Crawls each actor page and compiles every work that actor has starred in
"""
#selects actor name
actor_name = response.css("span.itemprop::text").get()
#selects the work from the actor page
movie_or_TV_name = response.css("div.filmo-row b")
for movie in movie_or_TV_name:
yield {"actor" : actor_name, "movie_or_TV_name" : movie.css("a::text").get()}
This method works by scraping the actor’s name and all of their works first, before yielding a dictionary entry for each of their work.
After finishing the three methods, we can call our function using this command.
scrapy crawl imdb_spider -o results.csv
We now have a CSV file with over 1000 entries. Let’s now perfrom data analysis to find out what show comes close to the timeless masterpiece that is The Wire.
import pandas as pd
#read our CSV file into a pandas dataframe
df = pd.read_csv("results.csv")
#inspect our dataframe
df
| actor | movie_or_TV_name | |
|---|---|---|
| 0 | Thuliso Dingwall | The Mechanics Rose |
| 1 | Thuliso Dingwall | Person of Interest |
| 2 | Thuliso Dingwall | Unforgettable |
| 3 | Thuliso Dingwall | Ex$pendable |
| 4 | Thuliso Dingwall | Toe to Toe |
| ... | ... | ... |
| 18313 | Lance Reddick | Great Expectations |
| 18314 | Lance Reddick | What the Deaf Man Heard |
| 18315 | Lance Reddick | The Nanny |
| 18316 | Lance Reddick | Swift Justice |
| 18317 | Lance Reddick | New York Undercover |
18318 rows × 2 columns
We are interested in finding out which movie or TV show has the most amount of shared actors. Let’s use the groupby function for this purpose.
df = df.groupby(["movie_or_TV_name"])["actor"].aggregate(["count"])
df.head()
| count | |
|---|---|
| movie_or_TV_name | |
| #BlackGirlhood | 1 |
| #Like | 1 |
| #Lucky Number | 1 |
| #MoreLife | 1 |
| #PrettyPeopleProblems | 1 |
df = df.sort_values(("count"), ascending = False)
df.head()
| count | |
|---|---|
| movie_or_TV_name | |
| The Wire | 758 |
| Homicide: Life on the Street | 120 |
| Law & Order | 104 |
| Law & Order: Special Victims Unit | 102 |
| Veep | 74 |
Unsurprisingly, The Wire itself shares the most amount of actors with The Wire.
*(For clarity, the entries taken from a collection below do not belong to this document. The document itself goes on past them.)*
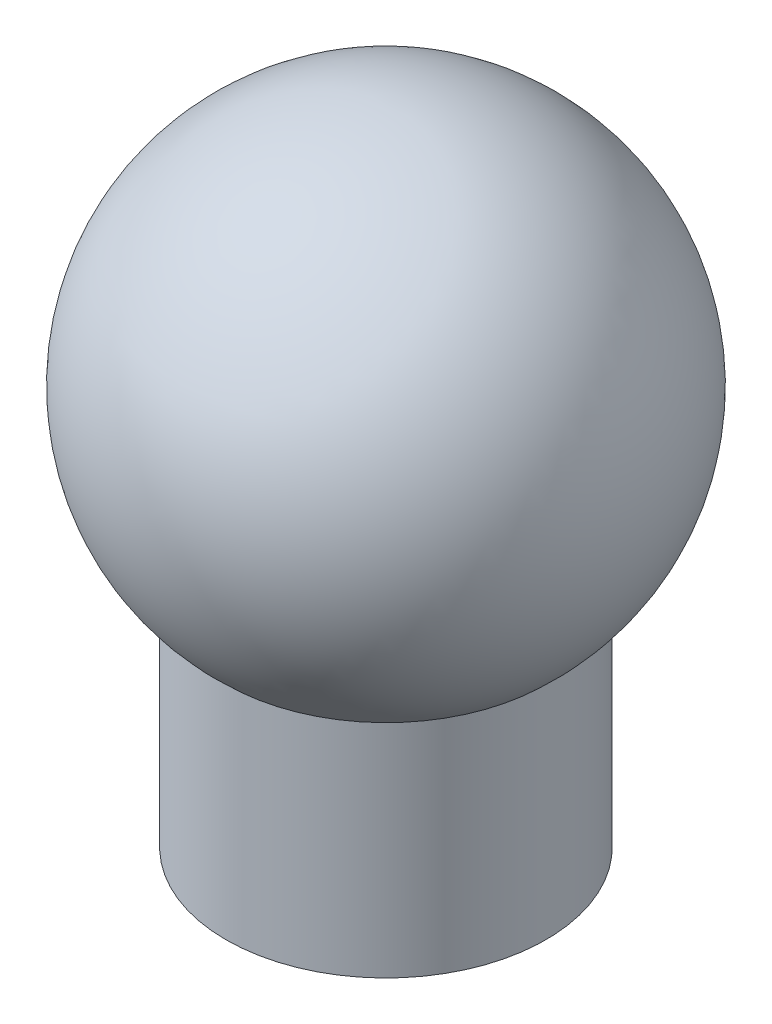
from build123d import *

# Parameters (mm, degrees)
BOSS_EXTRUDE1_REACH      = 52.706
BOSS_EXTRUDE1_END_RADIUS = 12
BOSS_EXTRUDE1_START      = 5
SKETCH3_R                = 8
SKETCH4_R                = 6
CUT_EXTRUDE2_DEPTH       = 2
SKETCH5_R                = 5
CUT_EXTRUDE3_DEPTH       = 5


with BuildPart() as part:
    # Sketch2 → Revolve1 (revolve)
    with BuildSketch(Plane(origin=(0, 0, 0), x_dir=(1, 0, 0), z_dir=(0, 1, 0))):
        with BuildLine():
            Line((0, 0), (24, 0))
            ThreePointArc((24, 0), (12, 12), (0, 0))
        make_face()
    revolve(axis=Axis((0, 0, 0), (1, 0, 0)))

    # Boss-Extrude1: up to this sphere (the profile starts outside it)
    boss_extrude1_end = Location((12, 0, 0)) * Sphere(BOSS_EXTRUDE1_END_RADIUS, mode=Mode.PRIVATE)
    # Sketch3 → Boss-Extrude1 (add, up to the surface)
    with BuildSketch(Plane(origin=(0, -25, 0), x_dir=(1, 0, 0), z_dir=(0, 1, 0)).offset(BOSS_EXTRUDE1_START), mode=Mode.PRIVATE) as boss_extrude1_sk1:
        with Locations(Location((12, 0, 0), (0, 0, 270))):
            Circle(SKETCH3_R)
    boss_extrude1_tool1 = extrude(boss_extrude1_sk1.sketch, amount=BOSS_EXTRUDE1_REACH, mode=Mode.PRIVATE) - boss_extrude1_end
    add(boss_extrude1_tool1.solids().sort_by_distance((12, -20, 0))[0])

    # Sketch4 → Cut-Extrude2 (cut)
    with BuildSketch(Plane.XZ.offset(20)):
        with Locations(Location((12, 0, 0), (0, 0, 270))):
            Circle(SKETCH4_R)
    extrude(amount=-CUT_EXTRUDE2_DEPTH, mode=Mode.SUBTRACT)

    # Sketch5 → Cut-Extrude3 (cut)
    with BuildSketch(Plane.XZ.offset(18)):
        with Locations(Location((12, 0, 0), (0, 0, 270))):
            Circle(SKETCH5_R)
    extrude(amount=-CUT_EXTRUDE3_DEPTH, mode=Mode.SUBTRACT)


solid = part.part
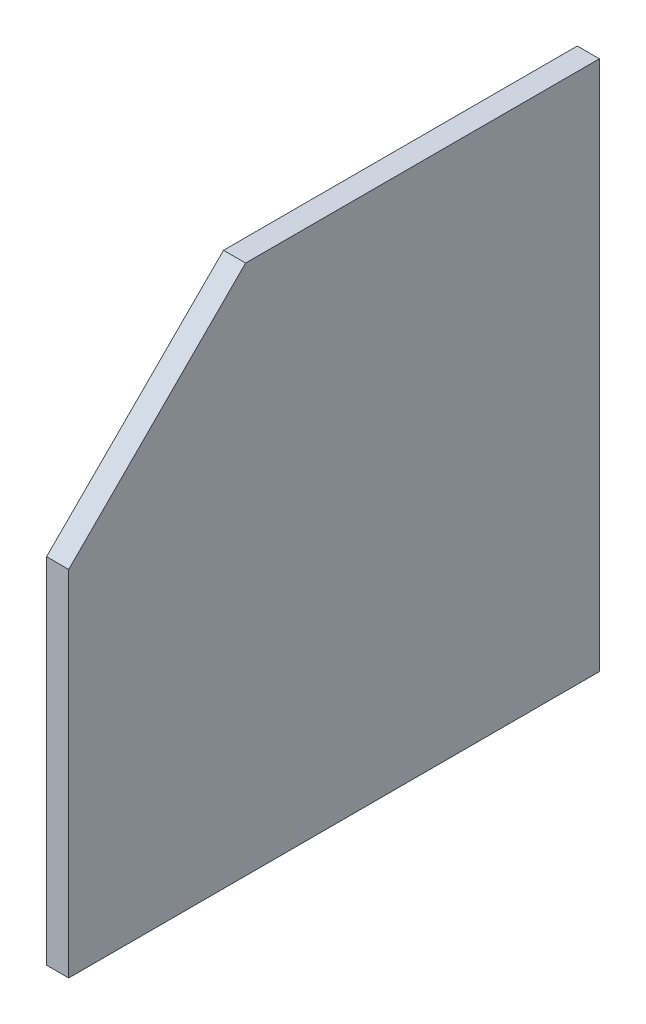
from build123d import *

# Parameters (mm, degrees)
BOSS_EXTRUDE1_DEPTH = 3.175


with BuildPart() as part:
    # Sketch1 → Boss-Extrude1 (new body)
    with BuildSketch(Plane(origin=(0, 0, 0), x_dir=(0, 0, -1), z_dir=(1, 0, 0))):
        Polygon((38.1, 38.1), (-12.7, 38.1), (-38.1, 12.7), (-38.1, -38.1), (38.1, -38.1), align=None)
    extrude(amount=BOSS_EXTRUDE1_DEPTH)


solid = part.part
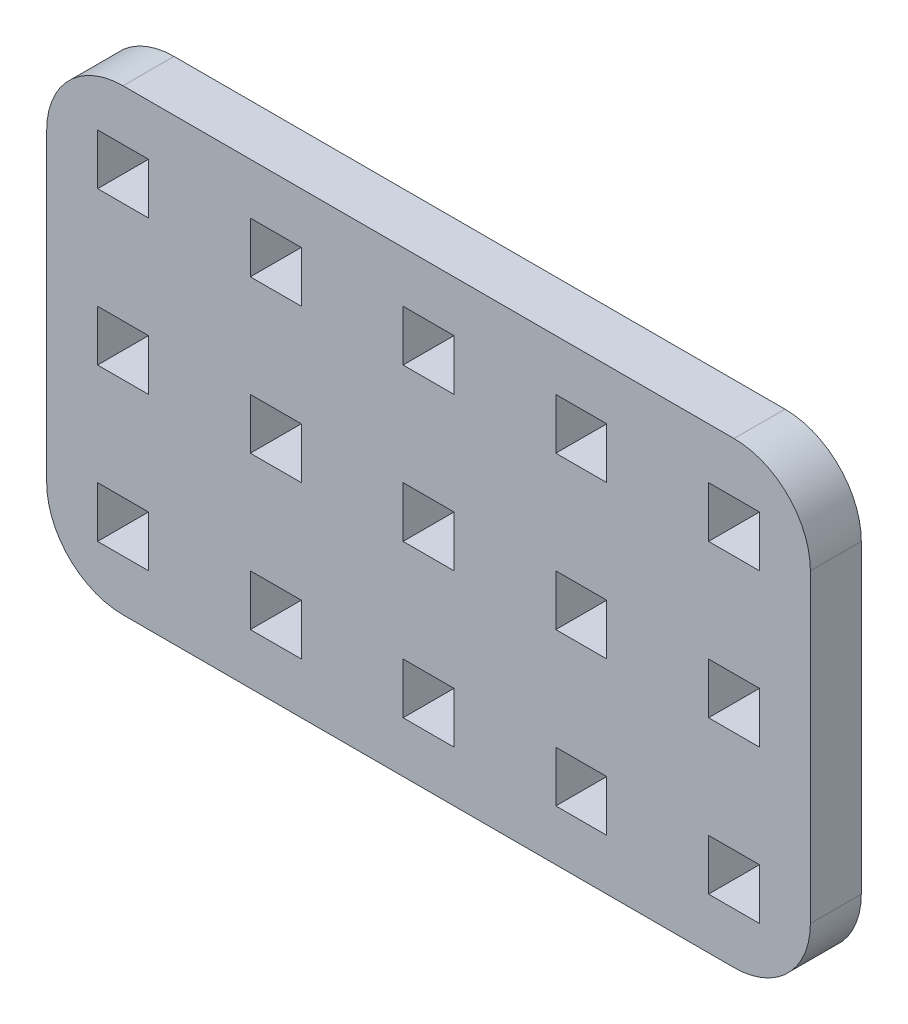
from build123d import *

# Parameters (mm, degrees)
MODEL_W                 = 3
MODEL_H                 = 3
SALIENTE_EXTRUIR1_DEPTH = 3


with BuildPart() as part:
    # Model → Saliente-Extruir1 (new body)
    with BuildSketch(Plane.XY):
        with BuildLine():
            Line((12.639309496, 299.028131514), (48.639309496, 299.028131514))
            ThreePointArc((48.639309496, 299.028131514), (51.821290011, 297.71011203), (53.139309496, 294.528131514))
            Line((53.139309496, 294.528131514), (53.139309496, 276.528131514))
            ThreePointArc((53.139309496, 276.528131514), (51.821290011, 273.346150999), (48.639309496, 272.028131514))
            Line((48.639309496, 272.028131514), (12.639309496, 272.028131514))
            ThreePointArc((12.639309496, 272.028131514), (9.457328981, 273.346150999), (8.139309496, 276.528131514))
            Line((8.139309496, 276.528131514), (8.139309496, 294.528131514))
            ThreePointArc((8.139309496, 294.528131514), (9.457328981, 297.71011203), (12.639309496, 299.028131514))
        make_face()
        with Locations((12.639309496, 294.528131514)):
            Rectangle(MODEL_W, MODEL_H, mode=Mode.SUBTRACT)
        with Locations((21.639309496, 294.528131514)):
            Rectangle(MODEL_W, MODEL_H, mode=Mode.SUBTRACT)
        with Locations((30.639309496, 294.528131514)):
            Rectangle(MODEL_W, MODEL_H, mode=Mode.SUBTRACT)
        with Locations((39.639309496, 294.528131514)):
            Rectangle(MODEL_W, MODEL_H, mode=Mode.SUBTRACT)
        with Locations((48.639309496, 294.528131514)):
            Rectangle(MODEL_W, MODEL_H, mode=Mode.SUBTRACT)
        with Locations((12.639309496, 276.528131514)):
            Rectangle(MODEL_W, MODEL_H, mode=Mode.SUBTRACT)
        with Locations((21.639309496, 276.528131514)):
            Rectangle(MODEL_W, MODEL_H, mode=Mode.SUBTRACT)
        with Locations((30.639309496, 276.528131514)):
            Rectangle(MODEL_W, MODEL_H, mode=Mode.SUBTRACT)
        with Locations((39.639309496, 276.528131514)):
            Rectangle(MODEL_W, MODEL_H, mode=Mode.SUBTRACT)
        with Locations((48.639309496, 276.528131514)):
            Rectangle(MODEL_W, MODEL_H, mode=Mode.SUBTRACT)
        with Locations((12.639309496, 285.528131514)):
            Rectangle(MODEL_W, MODEL_H, mode=Mode.SUBTRACT)
        with Locations((21.639309496, 285.528131514)):
            Rectangle(MODEL_W, MODEL_H, mode=Mode.SUBTRACT)
        with Locations((30.639309496, 285.528131514)):
            Rectangle(MODEL_W, MODEL_H, mode=Mode.SUBTRACT)
        with Locations((39.639309496, 285.528131514)):
            Rectangle(MODEL_W, MODEL_H, mode=Mode.SUBTRACT)
        with Locations((48.639309496, 285.528131514)):
            Rectangle(MODEL_W, MODEL_H, mode=Mode.SUBTRACT)
    extrude(amount=SALIENTE_EXTRUIR1_DEPTH)


solid = part.part

We’ll be focusing on the runner-ups.
There appears to be a tie among Homicide: Life on the Street, Law & Order, and Law & Order: Special Victims Unit. All of them are of the same genre.
Here is an visualization of the shared actor scenarios with The Wire. Notice how most shows on the plot share very few actors with The Wire. It is an indication of David Simon’s choice of cast members: he prefers actors that organically resemble their roles to big-names. He worked with people having little or no acting experience but an actual background on the Baltimore streets.
import plotly.express as px
from plotly.io import write_html
fig = px.box(df, y="count",
labels={
"count": "Number of Shared Actor with The Wire",
},
)
fig.show()
write_html(fig, "box.html")
This is a fairly extreme distribution, with most shows having little resemblence. Again, this shows how special The Wire really is. No movie or TV ever comes close to its execellence.